The biomechanical behavior of the cornea modulates the evolution of several ocular pathologies. As research is ongoing, more data will enable us to apply this knowledge in diagnosing disease more efficiently and targeting the right treatment for the right patient, including refractive surgery.
Keywords:cornea, myopia, hyperopia, astigmatism, glaucoma, keratoconus, corneal hysteresis, corneal resistance factor.
INTRODUCTION
Corneal biomechanical properties reflect the capacity of the cornea to respond to applied mechanical forces (1). The cornea has a viscoelastic behavior – it does not instantly regain the initial form after applying an external force, and instead, a proportion of the energy is released as the cornea returns to the initial shape and dimension (2).
Among the corneal layers, the stroma and the Bowman’s membrane have the most important contribution to the resistance and elasticity of the cornea, due to the large proportion of collagen fibers in their structure (3). Characteristics of collagen fibers, including density, spatial orientation, and degree of crosslinking, have a significant impact on the biomechanical behavior of the cornea (4).

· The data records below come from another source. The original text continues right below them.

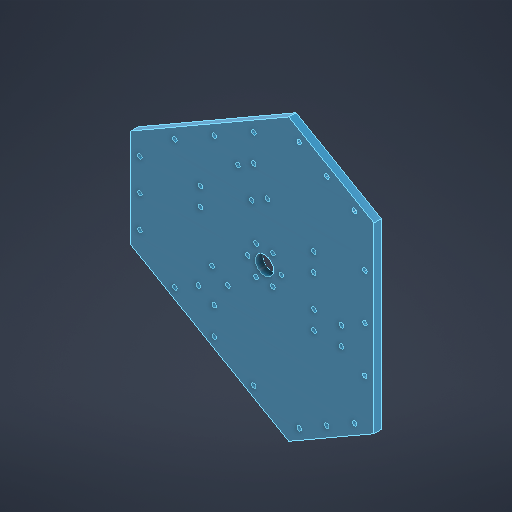
# Autodesk Inventor part: đế trên
Saved by Autodesk Inventor 2027.1 (Build 311270010, 270A)
## iProperties
Created: 2026-08-08
Part Number: đế trên
Material: Generic
Document SubType Name: Sheet Metal
Designer: MSI
Density: 1 g/cm^3
Sheet Metal Rule: Default_mm
Appearance: Sky Blue Dark
Author: MSI
Autodesk Inventor part; units mm, degrees
ref_plane "YZ Plane" through (0, 0, 0) normal (1, 0, 0) x (0, 1, 0)
ref_plane "XZ Plane" through (0, 0, 0) normal (0, 1, 0) x (-1, 0, 0)
ref_plane "XY Plane" through (0, 0, 0) normal (0, 0, 1) x (1, 0, 0)
sketch "Sketch1" plane through (0, 0, 0) normal (0, 0, 1) x (1, 0, 0)
  line L0 (120, 0) -> (120, -100)
  line L1 (120, 0) -> (120, 100)
  line L2 (-60, 103.923) -> (26.6025, 153.923)
  line L3 (-60, 103.923) -> (-146.6025, 53.923)
  line L4 (-60, -103.923) -> (-146.6025, -53.923)
  line L5 (-60, -103.923) -> (26.6025, -153.923)
  line L6 (26.6025, 153.923) -> (120, 100)
  line L7 (120, -100) -> (26.6025, -153.923)
  line L8 (-146.6025, -53.923) -> (-146.6025, 53.923)
  circle A0 centre (0, 0) radius 10
  dimension "d5" = 360
  constraints: 18 end point, 3 vertical, 1 centre point, 1 coincident, 16 other
extrude "Extrusion1" add sketch "Sketch1" along normal blind 8
sketch "Sketch2" plane through (0, 0, 8) normal (0, 0, 1) x (1, 0, 0)
  circle A0 centre (84.2544, -15) radius 2.5
  line L0 (120, -100) -> (120, 100) projected
  circle A1 centre (84.2544, -35) radius 2.5
  circle A2 centre (54.2544, -15) radius 2.5
  circle A3 centre (54.2544, -35) radius 2.5
  circle A4 centre (-14.1368, 54.4857) radius 2.5
  circle A5 centre (-29.1368, 80.4664) radius 2.5
  circle A6 centre (-11.8163, 90.4664) radius 2.5
  circle A7 centre (3.1837, 64.4857) radius 2.5
  circle A8 centre (-40.1176, -39.4857) radius 2.5
  circle A9 centre (-55.1176, -65.4664) radius 2.5
  circle A10 centre (-72.4381, -55.4664) radius 2.5
  circle A11 centre (-57.4381, -29.4857) radius 2.5
  point P0 (0, 0)
  point P1 (120, 0)
  dimension "d11" = 5
  dimension "d12" = 15
  dimension "d13" = 5
  dimension "d14" = 20
  dimension "d15" = 5
  dimension "d16" = 5
  dimension "d17" = 20
  dimension "d18" = 30
  dimension "d21" = 360
  constraints: 12 centre point, 1 midpoint, 25 other
  measures "d11" diameter of A0
  measures "d12" vertical distance of point (120, 0) A0.centre
  measures "d13" diameter of A1
  measures "d14" distance of A1.centre A0.centre
  measures "d15" diameter of A2
  measures "d16" diameter of A3
  measures "d17" distance of A3.centre A2.centre
  measures "d18" distance of A1.centre A3.centre
extrude "Extrusion2" cut sketch "Sketch2" against normal blind 8
sketch "Sketch3" plane through (0, 0, 8) normal (0, 0, 1) x (1, 0, 0)
  circle A0 centre (-136.6025, 35) radius 2.5
  circle A1 centre (-136.6025, 0) radius 2.5
  circle A2 centre (-136.6025, -35) radius 2.5
  line L0 (-146.6025, 53.923) -> (-146.6025, -53.923) projected
  circle A3 centre (37.9904, -135.8013) radius 2.5
  circle A4 centre (68.3013, -118.3013) radius 2.5
  circle A5 centre (98.6122, -100.8013) radius 2.5
  circle A6 centre (98.6122, 100.8013) radius 2.5
  circle A7 centre (68.3013, 118.3013) radius 2.5
  circle A8 centre (37.9904, 135.8013) radius 2.5
  point P0 (0, 0)
  point P1 (-146.6025, 0)
  point P2 (-146.6025, 0)
  dimension "d25" = 5
  dimension "d26" = 5
  dimension "d27" = 5
  dimension "d28" = 35
  dimension "d29" = 35
  dimension "d30" = 0
  dimension "d33" = 360
  dimension "d82" = 10
  dimension "d83" = 10
  constraints: 9 centre point, 2 midpoint, 19 other
  measures "d25" diameter of A0
  measures "d26" diameter of A1
  measures "d27" diameter of A2
  measures "d28" distance of A1.centre A0.centre
  measures "d29" distance of A2.centre A1.centre
  measures "d30" vertical distance of point (-146.603, 0) A1.centre
  measures "d82" distance from line of L0 A0.centre
  measures "d83" distance of point (-146.603, 0) A1.centre
extrude "Extrusion3" cut sketch "Sketch3" against normal blind 8
sketch "Sketch5" plane through (0, 0, 8) normal (0, 0, 1) x (1, 0, 0)
  circle A0 centre (18.3712, 0) radius 2.5
  circle A1 centre (9.1856, 15.9099) radius 2.5
  circle A2 centre (-9.1856, 15.9099) radius 2.5
  circle A3 centre (-18.3712, 0) radius 2.5
  circle A4 centre (-9.1856, -15.9099) radius 2.5
  circle A5 centre (9.1856, -15.9099) radius 2.5
  point P0 (0, 0)
  dimension "d51" = 5
  dimension "d54" = 360
  constraints: 6 centre point, 13 other
  measures "d51" diameter of A0
extrude "Extrusion5" cut sketch "Sketch5" against normal blind 8
sketch "Sketch6" plane through (0, 0, 8) normal (0, 0, 1) x (1, 0, 0)
  circle A0 centre (53.9473, 40) radius 2.5
  circle A1 centre (53.9473, 20) radius 2.5
  line L0 (120, -100) -> (120, 100) projected
  circle A2 centre (-70.3891, 40) radius 2.5
  circle A3 centre (-70.3891, 20) radius 2.5
  point P0 (0, 0)
  point P1 (120, 0)
  dimension "d58" = 5
  dimension "d59" = 5
  dimension "d60" = 20
  dimension "d61" = 20
  dimension "d62" = 5
  dimension "d63" = 5
  dimension "d64" = 20
  constraints: 4 centre point, 1 midpoint
  measures "d58" diameter of A0
  measures "d59" diameter of A1
  measures "d60" vertical distance of point (120, 0) A1.centre
  measures "d61" distance of A1.centre A0.centre
  measures "d62" diameter of A2
  measures "d63" diameter of A3
  measures "d64" distance of A3.centre A2.centre
extrude "Extrusion6" cut sketch "Sketch6" against normal blind 8
sketch "Sketch7" plane through (0, 0, 8) normal (0, 0, 1) x (1, 0, 0)
  circle A0 centre (110, 0) radius 2.5
  circle A1 centre (110, 50) radius 2.5
  circle A2 centre (110, -50) radius 2.5
  line L0 (120, -100) -> (120, 100) projected
  circle A3 centre (-98.3013, 70.2628) radius 2.5
  circle A4 centre (-55, 95.2628) radius 2.5
  circle A5 centre (-11.6987, 120.2628) radius 2.5
  circle A6 centre (-11.6987, -120.2628) radius 2.5
  circle A7 centre (-55, -95.2628) radius 2.5
  circle A8 centre (-98.3013, -70.2628) radius 2.5
  point P0 (0, 0)
  point P1 (120, 0)
  point P2 (120, 0)
  point P3 (120, 0)
  dimension "d68" = 5
  dimension "d69" = 5
  dimension "d70" = 5
  dimension "d71" = 50
  dimension "d72" = 50
  dimension "d75" = 360
  dimension "d77" = 10
  dimension "d78" = 10
  dimension "d79" = 10
  constraints: 9 centre point, 3 midpoint, 19 other
  measures "d68" diameter of A0
  measures "d69" diameter of A1
  measures "d70" diameter of A2
  measures "d71" vertical distance of point (120, 0) A1.centre
  measures "d72" vertical distance of point (120, 0) A2.centre
  measures "d77" distance of point (120, 0) A0.centre
  measures "d78" distance from line of L0 A1.centre
  measures "d79" distance from line of L0 A2.centre
extrude "Extrusion7" cut sketch "Sketch7" against normal blind 8
equation "\"BendRadius\" = Thickness"
equation "\"BendReliefWidth\" = Thickness"
equation "\"BendReliefDepth\" = 0.5 * Thickness"
equation "\"CornerReliefSize\" = 4 * Thickness"
equation "\"MinimumRemnant\" = 2 * Thickness"
equation "\"TransitionRadius\" = BendRadius"
equation "\"JacobiRadiusSize\" = BendRadius"
equation "\"GapSize\" = Thickness"
equation "\"Thickness\" = 0.5"
body "Solid1"

Corneal biomechanics represent an increasingly important domain in ophthalmological pathology (5). Firstly, several preclinical studies support the idea that biomechanical properties of the anterior segment may be used with a reasonable degree of confidence in estimating the biomechanics of the whole globe (6). Secondly, biomechanical properties have been correlated to the diagnosis and evolution of ocular disease such as glaucoma or corneal ectasia (4).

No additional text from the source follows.